((

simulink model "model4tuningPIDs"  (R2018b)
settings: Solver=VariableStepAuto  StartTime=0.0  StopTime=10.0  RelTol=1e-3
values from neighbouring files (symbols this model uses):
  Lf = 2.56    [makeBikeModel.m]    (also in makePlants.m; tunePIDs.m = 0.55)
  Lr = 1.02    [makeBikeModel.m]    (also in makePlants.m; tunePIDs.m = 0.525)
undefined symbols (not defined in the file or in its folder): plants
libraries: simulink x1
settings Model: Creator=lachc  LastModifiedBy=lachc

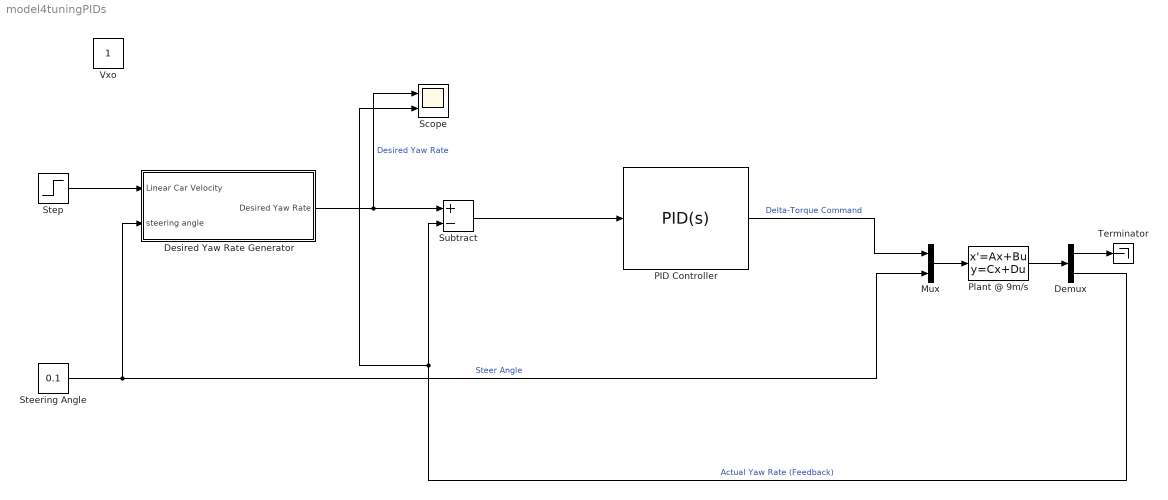
== system model4tuningPIDs ==
  Demux : Demux  Outputs=2
  Desired Yaw Rate Generator : Subsystem
  Mux : Mux  Inputs=2
  PID Controller : simulink/Continuous/PID Controller  Controller=PID  Form=Parallel  TimeDomain=Continuous-time  SampleTime=-1  IntegratorMethod=Forward Euler  FilterMethod=Forward Euler  ControllerParametersSource=internal  P=201.998725149977  I=53139.3625453069  D=0  UseFilter=on  N=100  TunerSelectOption=Transfer Function Based (PID Tuner App)  InitialConditionSource=internal  InitialConditionForIntegrator=0  InitialConditionForFilter=0  DifferentiatorICPrevScaledInput=0  ExternalReset=none  TrackingMode=off  Kt=1  LimitOutput=on  UpperSaturationLimit=180  LowerSaturationLimit=0  LinearizeAsGain=off  AntiWindupMode=clamping  Kb=1  POutMin=[]  POutMax=[]  IOutMin=[]  IOutMax=[]  DOutMin=[]  DOutMax=[]  NOutMin=[]  NOutMax=[]  SumOutMin=[]  SumOutMax=[]  SaturationOutMin=[]  SaturationOutMax=[]  PParamMin=[]  PParamMax=[]  IParamMin=[]  IParamMax=[]  DParamMin=[]  DParamMax=[]  NParamMin=[]  NParamMax=[]  KbParamMin=[]  KbParamMax=[]  KtParamMin=[]  KtParamMax=[]  KbOutMin=[]  KbOutMax=[]  KtOutMin=[]  KtOutMax=[]  IntegratorOutMin=[]  IntegratorOutMax=[]  FilterOutMin=[]  FilterOutMax=[]  SumI1OutMin=[]  SumI1OutMax=[]  SumI2OutMin=[]  SumI2OutMax=[]  SumI3OutMin=[]  SumI3OutMax=[]  SumI4OutMin=[]  SumI4OutMax=[]  SumDOutMin=[]  SumDOutMax=[]  DifferentiatorOutMin=[]  DifferentiatorOutMax=[]  FilterDiffOutCoefMin=[]  FilterDiffOutCoefMax=[]  ReciprocalOutMin=[]  ReciprocalOutMax=[]  SumDenOutMin=[]  SumDenOutMax=[]  SumNumOutMin=[]  SumNumOutMax=[]  DivideOutMin=[]  DivideOutMax=[]  IntegratorContinuousStateAttributes=''  IntegratorStateMustResolveToSignalObject=off  IntegratorRTWStateStorageClass=Auto  FilterContinuousStateAttributes=''  FilterStateMustResolveToSignalObject=off  FilterRTWStateStorageClass=Auto  ParallelPVariant=InternalParameters  IdealPVariant=Disabled  IVariant=InternalParameters  DVariant=InternalParameters  IntegratorVariant=Continuous  SatVariant=Enabled  AWVariant=ContClampingParallel  PCopyVariant=Disabled  TRVariant=Disabled  FdbkBlocksVariant=Forward  IdealPFdbkVariant=Disabled  SatFdbkVariant=Disabled  DerivativeFilterVariant=ContFilter  NVariant=InternalParameters  NCopyVariant=Disabled  FilterICVariant=InternalICsFilter  IntegratorICVariant=InternalICs  ExternalResetVariant=Disabled  TRSumVariant=Passthrough  SumFdbkVariant=Disabled  SumVariant=Sum_PID
  Plant @ 9m/s : StateSpace  A=plants(:,:,1).A  B=plants(:,:,1).B  C=plants(:,:,1).C  D=plants(:,:,1).D  InitialCondition=0  ContinuousStateAttributes={'V_lat','yaw_rate'}
  Scope : Scope  NumInputPorts=2
  Steering Angle : Constant  Value=0.1
  Step : Step  SampleTime=0
  Subtract : Sum  Inputs=+-
  Terminator : Terminator
  Vxo : Constant
  wires:
  Demux/1 -> Terminator/1
  Steering Angle/1 -> Desired Yaw Rate Generator/2(steering angle), Mux/2  "Steer Angle"
  PID Controller/1 -> Mux/1  "Delta-Torque Command"
  Subtract/1 -> PID Controller/1
  Demux/2 -> Scope/2, Subtract/2  "Actual Yaw Rate (Feedback)"
  Desired Yaw Rate Generator/1(Desired Yaw Rate) -> Scope/1, Subtract/1  "Desired Yaw Rate"
  Step/1 -> Desired Yaw Rate Generator/1(Linear Car Velocity)
  Mux/1 -> Plant @ 9m/s/1
  Plant @ 9m/s/1 -> Demux/1

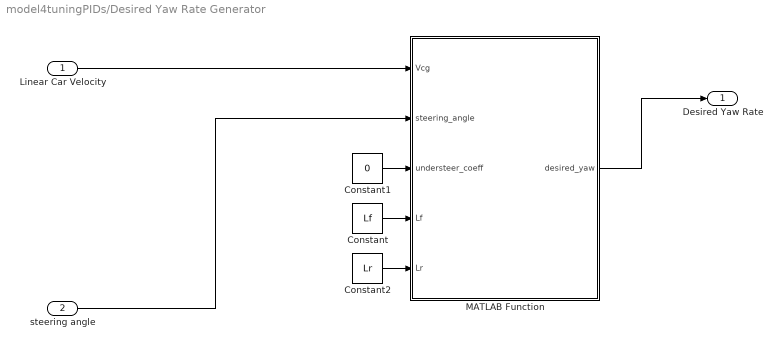
== system model4tuningPIDs/Desired Yaw Rate Generator ==
  Linear Car Velocity : Inport
  steering angle : Inport  Port=2
  Constant : Constant  Value=Lf
  Constant1 : Constant  Value=0
  Constant2 : Constant  Value=Lr
  MATLAB Function : MATLAB Function  TreatAsAtomicUnit=on
  Desired Yaw Rate : Outport
  wires:
  Constant1/1 -> MATLAB Function/3(understeer_coeff)
  steering angle/1 -> MATLAB Function/2(steering_angle)
  MATLAB Function/1(desired_yaw) -> Desired Yaw Rate/1
  Linear Car Velocity/1 -> MATLAB Function/1(Vcg)
  Constant2/1 -> MATLAB Function/5(Lr)
  Constant/1 -> MATLAB Function/4(Lf)

== matlab function model4tuningPIDs/Desired Yaw Rate Generator/MATLAB Function ==
  data: Vcg input; desired_yaw output; steering_angle input; understeer_coeff input; Lf input; Lr input
function desired_yaw = desiredYaw(Vcg , steering_angle, understeer_coeff, Lf, Lr)
desired_yaw = 0;
desired_yaw = Vcg*steering_angle/((Lf*Lr) + understeer_coeff*Vcg^2);

))

__Problem to work on__. Every line of the listing should be copied precisely, with images omitted.

__Answer for the task__.
simulink model "model4tuningPIDs"  (R2018b)
settings: Solver=VariableStepAuto  StartTime=0.0  StopTime=10.0  RelTol=1e-3
values from neighbouring files (symbols this model uses):
  Lf = 2.56    [makeBikeModel.m]    (also in makePlants.m; tunePIDs.m = 0.55)
  Lr = 1.02    [makeBikeModel.m]    (also in makePlants.m; tunePIDs.m = 0.525)
undefined symbols (not defined in the file or in its folder): plants
libraries: simulink x1
settings Model: Creator=lachc  LastModifiedBy=lachc

== system model4tuningPIDs ==
  Demux : Demux  Outputs=2
  Desired Yaw Rate Generator : Subsystem
  Mux : Mux  Inputs=2
  PID Controller : simulink/Continuous/PID Controller  Controller=PID  Form=Parallel  TimeDomain=Continuous-time  SampleTime=-1  IntegratorMethod=Forward Euler  FilterMethod=Forward Euler  ControllerParametersSource=internal  P=201.998725149977  I=53139.3625453069  D=0  UseFilter=on  N=100  TunerSelectOption=Transfer Function Based (PID Tuner App)  InitialConditionSource=internal  InitialConditionForIntegrator=0  InitialConditionForFilter=0  DifferentiatorICPrevScaledInput=0  ExternalReset=none  TrackingMode=off  Kt=1  LimitOutput=on  UpperSaturationLimit=180  LowerSaturationLimit=0  LinearizeAsGain=off  AntiWindupMode=clamping  Kb=1  POutMin=[]  POutMax=[]  IOutMin=[]  IOutMax=[]  DOutMin=[]  DOutMax=[]  NOutMin=[]  NOutMax=[]  SumOutMin=[]  SumOutMax=[]  SaturationOutMin=[]  SaturationOutMax=[]  PParamMin=[]  PParamMax=[]  IParamMin=[]  IParamMax=[]  DParamMin=[]  DParamMax=[]  NParamMin=[]  NParamMax=[]  KbParamMin=[]  KbParamMax=[]  KtParamMin=[]  KtParamMax=[]  KbOutMin=[]  KbOutMax=[]  KtOutMin=[]  KtOutMax=[]  IntegratorOutMin=[]  IntegratorOutMax=[]  FilterOutMin=[]  FilterOutMax=[]  SumI1OutMin=[]  SumI1OutMax=[]  SumI2OutMin=[]  SumI2OutMax=[]  SumI3OutMin=[]  SumI3OutMax=[]  SumI4OutMin=[]  SumI4OutMax=[]  SumDOutMin=[]  SumDOutMax=[]  DifferentiatorOutMin=[]  DifferentiatorOutMax=[]  FilterDiffOutCoefMin=[]  FilterDiffOutCoefMax=[]  ReciprocalOutMin=[]  ReciprocalOutMax=[]  SumDenOutMin=[]  SumDenOutMax=[]  SumNumOutMin=[]  SumNumOutMax=[]  DivideOutMin=[]  DivideOutMax=[]  IntegratorContinuousStateAttributes=''  IntegratorStateMustResolveToSignalObject=off  IntegratorRTWStateStorageClass=Auto  FilterContinuousStateAttributes=''  FilterStateMustResolveToSignalObject=off  FilterRTWStateStorageClass=Auto  ParallelPVariant=InternalParameters  IdealPVariant=Disabled  IVariant=InternalParameters  DVariant=InternalParameters  IntegratorVariant=Continuous  SatVariant=Enabled  AWVariant=ContClampingParallel  PCopyVariant=Disabled  TRVariant=Disabled  FdbkBlocksVariant=Forward  IdealPFdbkVariant=Disabled  SatFdbkVariant=Disabled  DerivativeFilterVariant=ContFilter  NVariant=InternalParameters  NCopyVariant=Disabled  FilterICVariant=InternalICsFilter  IntegratorICVariant=InternalICs  ExternalResetVariant=Disabled  TRSumVariant=Passthrough  SumFdbkVariant=Disabled  SumVariant=Sum_PID
  Plant @ 9m/s : StateSpace  A=plants(:,:,1).A  B=plants(:,:,1).B  C=plants(:,:,1).C  D=plants(:,:,1).D  InitialCondition=0  ContinuousStateAttributes={'V_lat','yaw_rate'}
  Scope : Scope  NumInputPorts=2
  Steering Angle : Constant  Value=0.1
  Step : Step  SampleTime=0
  Subtract : Sum  Inputs=+-
  Terminator : Terminator
  Vxo : Constant
  wires:
  Demux/1 -> Terminator/1
  Steering Angle/1 -> Desired Yaw Rate Generator/2(steering angle), Mux/2  "Steer Angle"
  PID Controller/1 -> Mux/1  "Delta-Torque Command"
  Subtract/1 -> PID Controller/1
  Demux/2 -> Scope/2, Subtract/2  "Actual Yaw Rate (Feedback)"
  Desired Yaw Rate Generator/1(Desired Yaw Rate) -> Scope/1, Subtract/1  "Desired Yaw Rate"
  Step/1 -> Desired Yaw Rate Generator/1(Linear Car Velocity)
  Mux/1 -> Plant @ 9m/s/1
  Plant @ 9m/s/1 -> Demux/1

== system model4tuningPIDs/Desired Yaw Rate Generator ==
  Linear Car Velocity : Inport
  steering angle : Inport  Port=2
  Constant : Constant  Value=Lf
  Constant1 : Constant  Value=0
  Constant2 : Constant  Value=Lr
  MATLAB Function : MATLAB Function  TreatAsAtomicUnit=on
  Desired Yaw Rate : Outport
  wires:
  Constant1/1 -> MATLAB Function/3(understeer_coeff)
  steering angle/1 -> MATLAB Function/2(steering_angle)
  MATLAB Function/1(desired_yaw) -> Desired Yaw Rate/1
  Linear Car Velocity/1 -> MATLAB Function/1(Vcg)
  Constant2/1 -> MATLAB Function/5(Lr)
  Constant/1 -> MATLAB Function/4(Lf)

== matlab function model4tuningPIDs/Desired Yaw Rate Generator/MATLAB Function ==
  data: Vcg input; desired_yaw output; steering_angle input; understeer_coeff input; Lf input; Lr input
function desired_yaw = desiredYaw(Vcg , steering_angle, understeer_coeff, Lf, Lr)
desired_yaw = 0;
desired_yaw = Vcg*steering_angle/((Lf*Lr) + understeer_coeff*Vcg^2);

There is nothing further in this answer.